:: GIVEN DATA ::

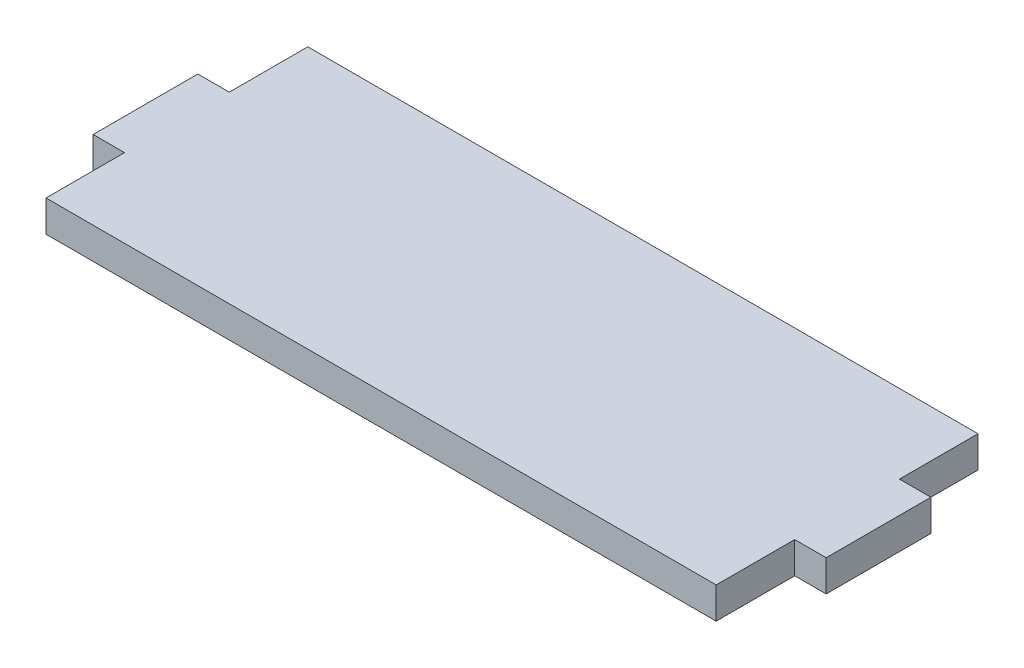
ISO-10303-21;
HEADER;
FILE_DESCRIPTION(('STEP AP214'),'2;1');
FILE_NAME('part.step','',(''),(''),'','','');
FILE_SCHEMA(('AUTOMOTIVE_DESIGN { 1 0 10303 214 1 1 1 1 }'));
ENDSEC;
DATA;
#1=APPLICATION_CONTEXT('core data for automotive mechanical design processes');
#2=APPLICATION_PROTOCOL_DEFINITION('international standard','automotive_design',2000,#1);
#3=PRODUCT_CONTEXT('',#1,'mechanical');
#4=PRODUCT('Part','Part','',(#3));
#5=PRODUCT_RELATED_PRODUCT_CATEGORY('part','',(#4));
#6=PRODUCT_DEFINITION_FORMATION('','',#4);
#7=PRODUCT_DEFINITION_CONTEXT('part definition',#1,'design');
#8=PRODUCT_DEFINITION('design','',#6,#7);
#9=PRODUCT_DEFINITION_SHAPE('','',#8);
#10=(LENGTH_UNIT() NAMED_UNIT(*) SI_UNIT(.MILLI.,.METRE.));
#11=(NAMED_UNIT(*) PLANE_ANGLE_UNIT() SI_UNIT($,.RADIAN.));
#12=(NAMED_UNIT(*) SI_UNIT($,.STERADIAN.) SOLID_ANGLE_UNIT());
#13=UNCERTAINTY_MEASURE_WITH_UNIT(LENGTH_MEASURE(1.E-05),#10,'distance_accuracy_value','');
#14=(GEOMETRIC_REPRESENTATION_CONTEXT(3) GLOBAL_UNCERTAINTY_ASSIGNED_CONTEXT((#13)) GLOBAL_UNIT_ASSIGNED_CONTEXT((#10,
#11,#12)) REPRESENTATION_CONTEXT('',''));
#15=CARTESIAN_POINT('',(0.,0.,0.));
#16=DIRECTION('',(0.,0.,1.));
#17=DIRECTION('',(1.,0.,0.));
#18=AXIS2_PLACEMENT_3D('',#15,#16,#17);
#19=CARTESIAN_POINT('',(28.1710459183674,3.,32.1948614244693));
#20=DIRECTION('',(-1.,0.,0.));
#21=DIRECTION('',(0.,0.,1.));
#22=AXIS2_PLACEMENT_3D('',#19,#20,#21);
#23=PLANE('',#22);
#24=DIRECTION('',(0.,0.,-1.));
#25=VECTOR('',#24,1.);
#26=CARTESIAN_POINT('',(28.1710459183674,0.,32.1948614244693));
#27=LINE('',#26,#25);
#28=CARTESIAN_POINT('',(28.1710459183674,0.,32.1948614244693));
#29=VERTEX_POINT('',#28);
#30=CARTESIAN_POINT('',(28.1710459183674,0.,24.6948614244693));
#31=VERTEX_POINT('',#30);
#32=EDGE_CURVE('E153',#29,#31,#27,.T.);
#33=ORIENTED_EDGE('',*,*,#32,.T.);
#34=DIRECTION('',(0.,-1.,0.));
#35=VECTOR('',#34,1.);
#36=CARTESIAN_POINT('',(28.1710459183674,3.,24.6948614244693));
#37=LINE('',#36,#35);
#38=CARTESIAN_POINT('',(28.1710459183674,3.,24.6948614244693));
#39=VERTEX_POINT('',#38);
#40=EDGE_CURVE('E11',#39,#31,#37,.T.);
#41=ORIENTED_EDGE('',*,*,#40,.F.);
#42=DIRECTION('',(0.,0.,-1.));
#43=VECTOR('',#42,1.);
#44=CARTESIAN_POINT('',(28.1710459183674,3.,32.1948614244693));
#45=LINE('',#44,#43);
#46=CARTESIAN_POINT('',(28.1710459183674,3.,32.1948614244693));
#47=VERTEX_POINT('',#46);
#48=EDGE_CURVE('E175',#47,#39,#45,.T.);
#49=ORIENTED_EDGE('',*,*,#48,.F.);
#50=DIRECTION('',(0.,-1.,0.));
#51=VECTOR('',#50,1.);
#52=CARTESIAN_POINT('',(28.1710459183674,3.,32.1948614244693));
#53=LINE('',#52,#51);
#54=EDGE_CURVE('E149',#47,#29,#53,.T.);
#55=ORIENTED_EDGE('',*,*,#54,.T.);
#56=EDGE_LOOP('',(#33,#41,#49,#55));
#57=FACE_BOUND('',#56,.T.);
#58=ADVANCED_FACE('F33',(#57),#23,.F.);
#59=CARTESIAN_POINT('',(31.1710459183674,3.,24.6948614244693));
#60=DIRECTION('',(0.,0.,-1.));
#61=DIRECTION('',(-1.,0.,0.));
#62=AXIS2_PLACEMENT_3D('',#59,#60,#61);
#63=PLANE('',#62);
#64=DIRECTION('',(1.,0.,0.));
#65=VECTOR('',#64,1.);
#66=CARTESIAN_POINT('',(31.1710459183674,0.,24.6948614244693));
#67=LINE('',#66,#65);
#68=CARTESIAN_POINT('',(31.1710459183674,0.,24.6948614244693));
#69=VERTEX_POINT('',#68);
#70=EDGE_CURVE('E156',#31,#69,#67,.T.);
#71=ORIENTED_EDGE('',*,*,#70,.T.);
#72=DIRECTION('',(0.,-1.,0.));
#73=VECTOR('',#72,1.);
#74=CARTESIAN_POINT('',(31.1710459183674,3.,24.6948614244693));
#75=LINE('',#74,#73);
#76=CARTESIAN_POINT('',(31.1710459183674,3.,24.6948614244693));
#77=VERTEX_POINT('',#76);
#78=EDGE_CURVE('E41',#77,#69,#75,.T.);
#79=ORIENTED_EDGE('',*,*,#78,.F.);
#80=DIRECTION('',(1.,0.,0.));
#81=VECTOR('',#80,1.);
#82=CARTESIAN_POINT('',(31.1710459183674,3.,24.6948614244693));
#83=LINE('',#82,#81);
#84=EDGE_CURVE('E104',#39,#77,#83,.T.);
#85=ORIENTED_EDGE('',*,*,#84,.F.);
#86=ORIENTED_EDGE('',*,*,#40,.T.);
#87=EDGE_LOOP('',(#71,#79,#85,#86));
#88=FACE_BOUND('',#87,.T.);
#89=ADVANCED_FACE('F253',(#88),#63,.F.);
#90=CARTESIAN_POINT('',(31.1710459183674,3.,14.6948614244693));
#91=DIRECTION('',(-1.,0.,0.));
#92=DIRECTION('',(0.,0.,1.));
#93=AXIS2_PLACEMENT_3D('',#90,#91,#92);
#94=PLANE('',#93);
#95=DIRECTION('',(0.,0.,-1.));
#96=VECTOR('',#95,1.);
#97=CARTESIAN_POINT('',(31.1710459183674,0.,14.6948614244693));
#98=LINE('',#97,#96);
#99=CARTESIAN_POINT('',(31.1710459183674,0.,14.6948614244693));
#100=VERTEX_POINT('',#99);
#101=EDGE_CURVE('E158',#69,#100,#98,.T.);
#102=ORIENTED_EDGE('',*,*,#101,.T.);
#103=DIRECTION('',(0.,-1.,0.));
#104=VECTOR('',#103,1.);
#105=CARTESIAN_POINT('',(31.1710459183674,3.,14.6948614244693));
#106=LINE('',#105,#104);
#107=CARTESIAN_POINT('',(31.1710459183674,3.,14.6948614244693));
#108=VERTEX_POINT('',#107);
#109=EDGE_CURVE('E194',#108,#100,#106,.T.);
#110=ORIENTED_EDGE('',*,*,#109,.F.);
#111=DIRECTION('',(0.,0.,-1.));
#112=VECTOR('',#111,1.);
#113=CARTESIAN_POINT('',(31.1710459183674,3.,14.6948614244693));
#114=LINE('',#113,#112);
#115=EDGE_CURVE('E202',#77,#108,#114,.T.);
#116=ORIENTED_EDGE('',*,*,#115,.F.);
#117=ORIENTED_EDGE('',*,*,#78,.T.);
#118=EDGE_LOOP('',(#102,#110,#116,#117));
#119=FACE_BOUND('',#118,.T.);
#120=ADVANCED_FACE('F200',(#119),#94,.F.);
#121=CARTESIAN_POINT('',(31.1710459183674,3.,14.6948614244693));
#122=DIRECTION('',(0.,0.,1.));
#123=DIRECTION('',(1.,0.,0.));
#124=AXIS2_PLACEMENT_3D('',#121,#122,#123);
#125=PLANE('',#124);
#126=DIRECTION('',(-1.,0.,0.));
#127=VECTOR('',#126,1.);
#128=CARTESIAN_POINT('',(31.1710459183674,0.,14.6948614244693));
#129=LINE('',#128,#127);
#130=CARTESIAN_POINT('',(28.1710459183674,0.,14.6948614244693));
#131=VERTEX_POINT('',#130);
#132=EDGE_CURVE('E160',#100,#131,#129,.T.);
#133=ORIENTED_EDGE('',*,*,#132,.T.);
#134=DIRECTION('',(0.,-1.,0.));
#135=VECTOR('',#134,1.);
#136=CARTESIAN_POINT('',(28.1710459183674,3.,14.6948614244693));
#137=LINE('',#136,#135);
#138=CARTESIAN_POINT('',(28.1710459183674,3.,14.6948614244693));
#139=VERTEX_POINT('',#138);
#140=EDGE_CURVE('E191',#139,#131,#137,.T.);
#141=ORIENTED_EDGE('',*,*,#140,.F.);
#142=DIRECTION('',(-1.,0.,0.));
#143=VECTOR('',#142,1.);
#144=CARTESIAN_POINT('',(31.1710459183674,3.,14.6948614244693));
#145=LINE('',#144,#143);
#146=EDGE_CURVE('E220',#108,#139,#145,.T.);
#147=ORIENTED_EDGE('',*,*,#146,.F.);
#148=ORIENTED_EDGE('',*,*,#109,.T.);
#149=EDGE_LOOP('',(#133,#141,#147,#148));
#150=FACE_BOUND('',#149,.T.);
#151=ADVANCED_FACE('F211',(#150),#125,.F.);
#152=CARTESIAN_POINT('',(28.1710459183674,3.,14.6948614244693));
#153=DIRECTION('',(-1.,0.,0.));
#154=DIRECTION('',(0.,0.,1.));
#155=AXIS2_PLACEMENT_3D('',#152,#153,#154);
#156=PLANE('',#155);
#157=DIRECTION('',(0.,0.,-1.));
#158=VECTOR('',#157,1.);
#159=CARTESIAN_POINT('',(28.1710459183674,0.,14.6948614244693));
#160=LINE('',#159,#158);
#161=CARTESIAN_POINT('',(28.1710459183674,0.,7.1948614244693));
#162=VERTEX_POINT('',#161);
#163=EDGE_CURVE('E162',#131,#162,#160,.T.);
#164=ORIENTED_EDGE('',*,*,#163,.T.);
#165=DIRECTION('',(0.,-1.,0.));
#166=VECTOR('',#165,1.);
#167=CARTESIAN_POINT('',(28.1710459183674,3.,7.1948614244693));
#168=LINE('',#167,#166);
#169=CARTESIAN_POINT('',(28.1710459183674,3.,7.1948614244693));
#170=VERTEX_POINT('',#169);
#171=EDGE_CURVE('E188',#170,#162,#168,.T.);
#172=ORIENTED_EDGE('',*,*,#171,.F.);
#173=DIRECTION('',(0.,0.,-1.));
#174=VECTOR('',#173,1.);
#175=CARTESIAN_POINT('',(28.1710459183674,3.,14.6948614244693));
#176=LINE('',#175,#174);
#177=EDGE_CURVE('E217',#139,#170,#176,.T.);
#178=ORIENTED_EDGE('',*,*,#177,.F.);
#179=ORIENTED_EDGE('',*,*,#140,.T.);
#180=EDGE_LOOP('',(#164,#172,#178,#179));
#181=FACE_BOUND('',#180,.T.);
#182=ADVANCED_FACE('F215',(#181),#156,.F.);
#183=CARTESIAN_POINT('',(-35.8289540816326,3.,7.1948614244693));
#184=DIRECTION('',(0.,0.,1.));
#185=DIRECTION('',(1.,0.,0.));
#186=AXIS2_PLACEMENT_3D('',#183,#184,#185);
#187=PLANE('',#186);
#188=DIRECTION('',(-1.,0.,0.));
#189=VECTOR('',#188,1.);
#190=CARTESIAN_POINT('',(-35.8289540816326,0.,7.1948614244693));
#191=LINE('',#190,#189);
#192=CARTESIAN_POINT('',(-35.8289540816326,0.,7.1948614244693));
#193=VERTEX_POINT('',#192);
#194=EDGE_CURVE('E164',#162,#193,#191,.T.);
#195=ORIENTED_EDGE('',*,*,#194,.T.);
#196=DIRECTION('',(0.,-1.,0.));
#197=VECTOR('',#196,1.);
#198=CARTESIAN_POINT('',(-35.8289540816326,3.,7.1948614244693));
#199=LINE('',#198,#197);
#200=CARTESIAN_POINT('',(-35.8289540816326,3.,7.1948614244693));
#201=VERTEX_POINT('',#200);
#202=EDGE_CURVE('E185',#201,#193,#199,.T.);
#203=ORIENTED_EDGE('',*,*,#202,.F.);
#204=DIRECTION('',(-1.,0.,0.));
#205=VECTOR('',#204,1.);
#206=CARTESIAN_POINT('',(-35.8289540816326,3.,7.1948614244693));
#207=LINE('',#206,#205);
#208=EDGE_CURVE('E219',#170,#201,#207,.T.);
#209=ORIENTED_EDGE('',*,*,#208,.F.);
#210=ORIENTED_EDGE('',*,*,#171,.T.);
#211=EDGE_LOOP('',(#195,#203,#209,#210));
#212=FACE_BOUND('',#211,.T.);
#213=ADVANCED_FACE('F266',(#212),#187,.F.);
#214=CARTESIAN_POINT('',(-35.8289540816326,3.,7.1948614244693));
#215=DIRECTION('',(1.,0.,0.));
#216=DIRECTION('',(0.,0.,-1.));
#217=AXIS2_PLACEMENT_3D('',#214,#215,#216);
#218=PLANE('',#217);
#219=DIRECTION('',(0.,0.,1.));
#220=VECTOR('',#219,1.);
#221=CARTESIAN_POINT('',(-35.8289540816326,0.,7.1948614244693));
#222=LINE('',#221,#220);
#223=CARTESIAN_POINT('',(-35.8289540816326,0.,14.6948614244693));
#224=VERTEX_POINT('',#223);
#225=EDGE_CURVE('E166',#193,#224,#222,.T.);
#226=ORIENTED_EDGE('',*,*,#225,.T.);
#227=DIRECTION('',(0.,-1.,0.));
#228=VECTOR('',#227,1.);
#229=CARTESIAN_POINT('',(-35.8289540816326,3.,14.6948614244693));
#230=LINE('',#229,#228);
#231=CARTESIAN_POINT('',(-35.8289540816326,3.,14.6948614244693));
#232=VERTEX_POINT('',#231);
#233=EDGE_CURVE('E182',#232,#224,#230,.T.);
#234=ORIENTED_EDGE('',*,*,#233,.F.);
#235=DIRECTION('',(0.,0.,1.));
#236=VECTOR('',#235,1.);
#237=CARTESIAN_POINT('',(-35.8289540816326,3.,7.1948614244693));
#238=LINE('',#237,#236);
#239=EDGE_CURVE('E222',#201,#232,#238,.T.);
#240=ORIENTED_EDGE('',*,*,#239,.F.);
#241=ORIENTED_EDGE('',*,*,#202,.T.);
#242=EDGE_LOOP('',(#226,#234,#240,#241));
#243=FACE_BOUND('',#242,.T.);
#244=ADVANCED_FACE('F269',(#243),#218,.F.);
#245=CARTESIAN_POINT('',(-35.8289540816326,3.,14.6948614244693));
#246=DIRECTION('',(0.,0.,1.));
#247=DIRECTION('',(1.,0.,0.));
#248=AXIS2_PLACEMENT_3D('',#245,#246,#247);
#249=PLANE('',#248);
#250=DIRECTION('',(-1.,0.,0.));
#251=VECTOR('',#250,1.);
#252=CARTESIAN_POINT('',(-35.8289540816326,0.,14.6948614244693));
#253=LINE('',#252,#251);
#254=CARTESIAN_POINT('',(-38.8289540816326,0.,14.6948614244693));
#255=VERTEX_POINT('',#254);
#256=EDGE_CURVE('E168',#224,#255,#253,.T.);
#257=ORIENTED_EDGE('',*,*,#256,.T.);
#258=DIRECTION('',(0.,-1.,0.));
#259=VECTOR('',#258,1.);
#260=CARTESIAN_POINT('',(-38.8289540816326,3.,14.6948614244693));
#261=LINE('',#260,#259);
#262=CARTESIAN_POINT('',(-38.8289540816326,3.,14.6948614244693));
#263=VERTEX_POINT('',#262);
#264=EDGE_CURVE('E179',#263,#255,#261,.T.);
#265=ORIENTED_EDGE('',*,*,#264,.F.);
#266=DIRECTION('',(-1.,0.,0.));
#267=VECTOR('',#266,1.);
#268=CARTESIAN_POINT('',(-35.8289540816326,3.,14.6948614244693));
#269=LINE('',#268,#267);
#270=EDGE_CURVE('E228',#232,#263,#269,.T.);
#271=ORIENTED_EDGE('',*,*,#270,.F.);
#272=ORIENTED_EDGE('',*,*,#233,.T.);
#273=EDGE_LOOP('',(#257,#265,#271,#272));
#274=FACE_BOUND('',#273,.T.);
#275=ADVANCED_FACE('F234',(#274),#249,.F.);
#276=CARTESIAN_POINT('',(-38.8289540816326,3.,14.6948614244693));
#277=DIRECTION('',(1.,0.,0.));
#278=DIRECTION('',(0.,0.,-1.));
#279=AXIS2_PLACEMENT_3D('',#276,#277,#278);
#280=PLANE('',#279);
#281=DIRECTION('',(0.,0.,1.));
#282=VECTOR('',#281,1.);
#283=CARTESIAN_POINT('',(-38.8289540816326,0.,14.6948614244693));
#284=LINE('',#283,#282);
#285=CARTESIAN_POINT('',(-38.8289540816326,0.,24.6948614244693));
#286=VERTEX_POINT('',#285);
#287=EDGE_CURVE('E170',#255,#286,#284,.T.);
#288=ORIENTED_EDGE('',*,*,#287,.T.);
#289=DIRECTION('',(0.,-1.,0.));
#290=VECTOR('',#289,1.);
#291=CARTESIAN_POINT('',(-38.8289540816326,3.,24.6948614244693));
#292=LINE('',#291,#290);
#293=CARTESIAN_POINT('',(-38.8289540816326,3.,24.6948614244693));
#294=VERTEX_POINT('',#293);
#295=EDGE_CURVE('E144',#294,#286,#292,.T.);
#296=ORIENTED_EDGE('',*,*,#295,.F.);
#297=DIRECTION('',(0.,0.,1.));
#298=VECTOR('',#297,1.);
#299=CARTESIAN_POINT('',(-38.8289540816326,3.,14.6948614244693));
#300=LINE('',#299,#298);
#301=EDGE_CURVE('E135',#263,#294,#300,.T.);
#302=ORIENTED_EDGE('',*,*,#301,.F.);
#303=ORIENTED_EDGE('',*,*,#264,.T.);
#304=EDGE_LOOP('',(#288,#296,#302,#303));
#305=FACE_BOUND('',#304,.T.);
#306=ADVANCED_FACE('F238',(#305),#280,.F.);
#307=CARTESIAN_POINT('',(-35.8289540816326,3.,24.6948614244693));
#308=DIRECTION('',(0.,0.,-1.));
#309=DIRECTION('',(-1.,0.,0.));
#310=AXIS2_PLACEMENT_3D('',#307,#308,#309);
#311=PLANE('',#310);
#312=DIRECTION('',(1.,0.,0.));
#313=VECTOR('',#312,1.);
#314=CARTESIAN_POINT('',(-35.8289540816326,0.,24.6948614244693));
#315=LINE('',#314,#313);
#316=CARTESIAN_POINT('',(-35.8289540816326,0.,24.6948614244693));
#317=VERTEX_POINT('',#316);
#318=EDGE_CURVE('E143',#286,#317,#315,.T.);
#319=ORIENTED_EDGE('',*,*,#318,.T.);
#320=DIRECTION('',(0.,-1.,0.));
#321=VECTOR('',#320,1.);
#322=CARTESIAN_POINT('',(-35.8289540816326,3.,24.6948614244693));
#323=LINE('',#322,#321);
#324=CARTESIAN_POINT('',(-35.8289540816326,3.,24.6948614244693));
#325=VERTEX_POINT('',#324);
#326=EDGE_CURVE('E140',#325,#317,#323,.T.);
#327=ORIENTED_EDGE('',*,*,#326,.F.);
#328=DIRECTION('',(1.,0.,0.));
#329=VECTOR('',#328,1.);
#330=CARTESIAN_POINT('',(-35.8289540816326,3.,24.6948614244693));
#331=LINE('',#330,#329);
#332=EDGE_CURVE('E129',#294,#325,#331,.T.);
#333=ORIENTED_EDGE('',*,*,#332,.F.);
#334=ORIENTED_EDGE('',*,*,#295,.T.);
#335=EDGE_LOOP('',(#319,#327,#333,#334));
#336=FACE_BOUND('',#335,.T.);
#337=ADVANCED_FACE('F141',(#336),#311,.F.);
#338=CARTESIAN_POINT('',(-35.8289540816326,3.,24.6948614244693));
#339=DIRECTION('',(1.,0.,0.));
#340=DIRECTION('',(0.,0.,-1.));
#341=AXIS2_PLACEMENT_3D('',#338,#339,#340);
#342=PLANE('',#341);
#343=DIRECTION('',(0.,0.,1.));
#344=VECTOR('',#343,1.);
#345=CARTESIAN_POINT('',(-35.8289540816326,0.,24.6948614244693));
#346=LINE('',#345,#344);
#347=CARTESIAN_POINT('',(-35.8289540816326,0.,32.1948614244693));
#348=VERTEX_POINT('',#347);
#349=EDGE_CURVE('E90',#317,#348,#346,.T.);
#350=ORIENTED_EDGE('',*,*,#349,.T.);
#351=DIRECTION('',(0.,-1.,0.));
#352=VECTOR('',#351,1.);
#353=CARTESIAN_POINT('',(-35.8289540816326,3.,32.1948614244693));
#354=LINE('',#353,#352);
#355=CARTESIAN_POINT('',(-35.8289540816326,3.,32.1948614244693));
#356=VERTEX_POINT('',#355);
#357=EDGE_CURVE('E145',#356,#348,#354,.T.);
#358=ORIENTED_EDGE('',*,*,#357,.F.);
#359=DIRECTION('',(0.,0.,1.));
#360=VECTOR('',#359,1.);
#361=CARTESIAN_POINT('',(-35.8289540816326,3.,24.6948614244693));
#362=LINE('',#361,#360);
#363=EDGE_CURVE('E133',#325,#356,#362,.T.);
#364=ORIENTED_EDGE('',*,*,#363,.F.);
#365=ORIENTED_EDGE('',*,*,#326,.T.);
#366=EDGE_LOOP('',(#350,#358,#364,#365));
#367=FACE_BOUND('',#366,.T.);
#368=ADVANCED_FACE('F147',(#367),#342,.F.);
#369=CARTESIAN_POINT('',(-35.8289540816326,3.,32.1948614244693));
#370=DIRECTION('',(0.,0.,-1.));
#371=DIRECTION('',(-1.,0.,0.));
#372=AXIS2_PLACEMENT_3D('',#369,#370,#371);
#373=PLANE('',#372);
#374=DIRECTION('',(1.,0.,0.));
#375=VECTOR('',#374,1.);
#376=CARTESIAN_POINT('',(-35.8289540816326,0.,32.1948614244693));
#377=LINE('',#376,#375);
#378=EDGE_CURVE('E96',#348,#29,#377,.T.);
#379=ORIENTED_EDGE('',*,*,#378,.T.);
#380=ORIENTED_EDGE('',*,*,#54,.F.);
#381=DIRECTION('',(1.,0.,0.));
#382=VECTOR('',#381,1.);
#383=CARTESIAN_POINT('',(-35.8289540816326,3.,32.1948614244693));
#384=LINE('',#383,#382);
#385=EDGE_CURVE('E49',#356,#47,#384,.T.);
#386=ORIENTED_EDGE('',*,*,#385,.F.);
#387=ORIENTED_EDGE('',*,*,#357,.T.);
#388=EDGE_LOOP('',(#379,#380,#386,#387));
#389=FACE_BOUND('',#388,.T.);
#390=ADVANCED_FACE('F242',(#389),#373,.F.);
#391=CARTESIAN_POINT('',(28.1710459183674,3.,24.6948614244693));
#392=DIRECTION('',(0.,1.,0.));
#393=DIRECTION('',(0.,0.,1.));
#394=AXIS2_PLACEMENT_3D('',#391,#392,#393);
#395=PLANE('',#394);
#396=ORIENTED_EDGE('',*,*,#48,.T.);
#397=ORIENTED_EDGE('',*,*,#84,.T.);
#398=ORIENTED_EDGE('',*,*,#115,.T.);
#399=ORIENTED_EDGE('',*,*,#146,.T.);
#400=ORIENTED_EDGE('',*,*,#177,.T.);
#401=ORIENTED_EDGE('',*,*,#208,.T.);
#402=ORIENTED_EDGE('',*,*,#239,.T.);
#403=ORIENTED_EDGE('',*,*,#270,.T.);
#404=ORIENTED_EDGE('',*,*,#301,.T.);
#405=ORIENTED_EDGE('',*,*,#332,.T.);
#406=ORIENTED_EDGE('',*,*,#363,.T.);
#407=ORIENTED_EDGE('',*,*,#385,.T.);
#408=EDGE_LOOP('',(#396,#397,#398,#399,#400,#401,#402,#403,#404,#405,#406,#407));
#409=FACE_BOUND('',#408,.T.);
#410=ADVANCED_FACE('F131',(#409),#395,.T.);
#411=CARTESIAN_POINT('',(28.1710459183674,0.,24.6948614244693));
#412=DIRECTION('',(0.,1.,0.));
#413=DIRECTION('',(0.,0.,1.));
#414=AXIS2_PLACEMENT_3D('',#411,#412,#413);
#415=PLANE('',#414);
#416=ORIENTED_EDGE('',*,*,#32,.F.);
#417=ORIENTED_EDGE('',*,*,#378,.F.);
#418=ORIENTED_EDGE('',*,*,#349,.F.);
#419=ORIENTED_EDGE('',*,*,#318,.F.);
#420=ORIENTED_EDGE('',*,*,#287,.F.);
#421=ORIENTED_EDGE('',*,*,#256,.F.);
#422=ORIENTED_EDGE('',*,*,#225,.F.);
#423=ORIENTED_EDGE('',*,*,#194,.F.);
#424=ORIENTED_EDGE('',*,*,#163,.F.);
#425=ORIENTED_EDGE('',*,*,#132,.F.);
#426=ORIENTED_EDGE('',*,*,#101,.F.);
#427=ORIENTED_EDGE('',*,*,#70,.F.);
#428=EDGE_LOOP('',(#416,#417,#418,#419,#420,#421,#422,#423,#424,#425,#426,#427));
#429=FACE_BOUND('',#428,.T.);
#430=ADVANCED_FACE('F206',(#429),#415,.F.);
#431=CLOSED_SHELL('',(#58,#89,#120,#151,#182,#213,#244,#275,#306,#337,#368,#390,#410,#430));
#432=MANIFOLD_SOLID_BREP('B2',#431);
#433=ADVANCED_BREP_SHAPE_REPRESENTATION('',(#18,#432),#14);
#434=SHAPE_DEFINITION_REPRESENTATION(#9,#433);
ENDSEC;
END-ISO-10303-21;

:::

EXERCISE DETAILS
Look back at the data above. Transcribe exactly the lines starting at the line that contains "#159=CARTESIAN_POINT('',(28.1710459183674,0.,14.6948614244693));" and ending at the line that contains "#185=DIRECTION('',(1.,0.,0.));".

EXPECTED OUTPUT
#159=CARTESIAN_POINT('',(28.1710459183674,0.,14.6948614244693));
#160=LINE('',#159,#158);
#161=CARTESIAN_POINT('',(28.1710459183674,0.,7.1948614244693));
#162=VERTEX_POINT('',#161);
#163=EDGE_CURVE('E162',#131,#162,#160,.T.);
#164=ORIENTED_EDGE('',*,*,#163,.T.);
#165=DIRECTION('',(0.,-1.,0.));
#166=VECTOR('',#165,1.);
#167=CARTESIAN_POINT('',(28.1710459183674,3.,7.1948614244693));
#168=LINE('',#167,#166);
#169=CARTESIAN_POINT('',(28.1710459183674,3.,7.1948614244693));
#170=VERTEX_POINT('',#169);
#171=EDGE_CURVE('E188',#170,#162,#168,.T.);
#172=ORIENTED_EDGE('',*,*,#171,.F.);
#173=DIRECTION('',(0.,0.,-1.));
#174=VECTOR('',#173,1.);
#175=CARTESIAN_POINT('',(28.1710459183674,3.,14.6948614244693));
#176=LINE('',#175,#174);
#177=EDGE_CURVE('E217',#139,#170,#176,.T.);
#178=ORIENTED_EDGE('',*,*,#177,.F.);
#179=ORIENTED_EDGE('',*,*,#140,.T.);
#180=EDGE_LOOP('',(#164,#172,#178,#179));
#181=FACE_BOUND('',#180,.T.);
#182=ADVANCED_FACE('F215',(#181),#156,.F.);
#183=CARTESIAN_POINT('',(-35.8289540816326,3.,7.1948614244693));
#184=DIRECTION('',(0.,0.,1.));
#185=DIRECTION('',(1.,0.,0.));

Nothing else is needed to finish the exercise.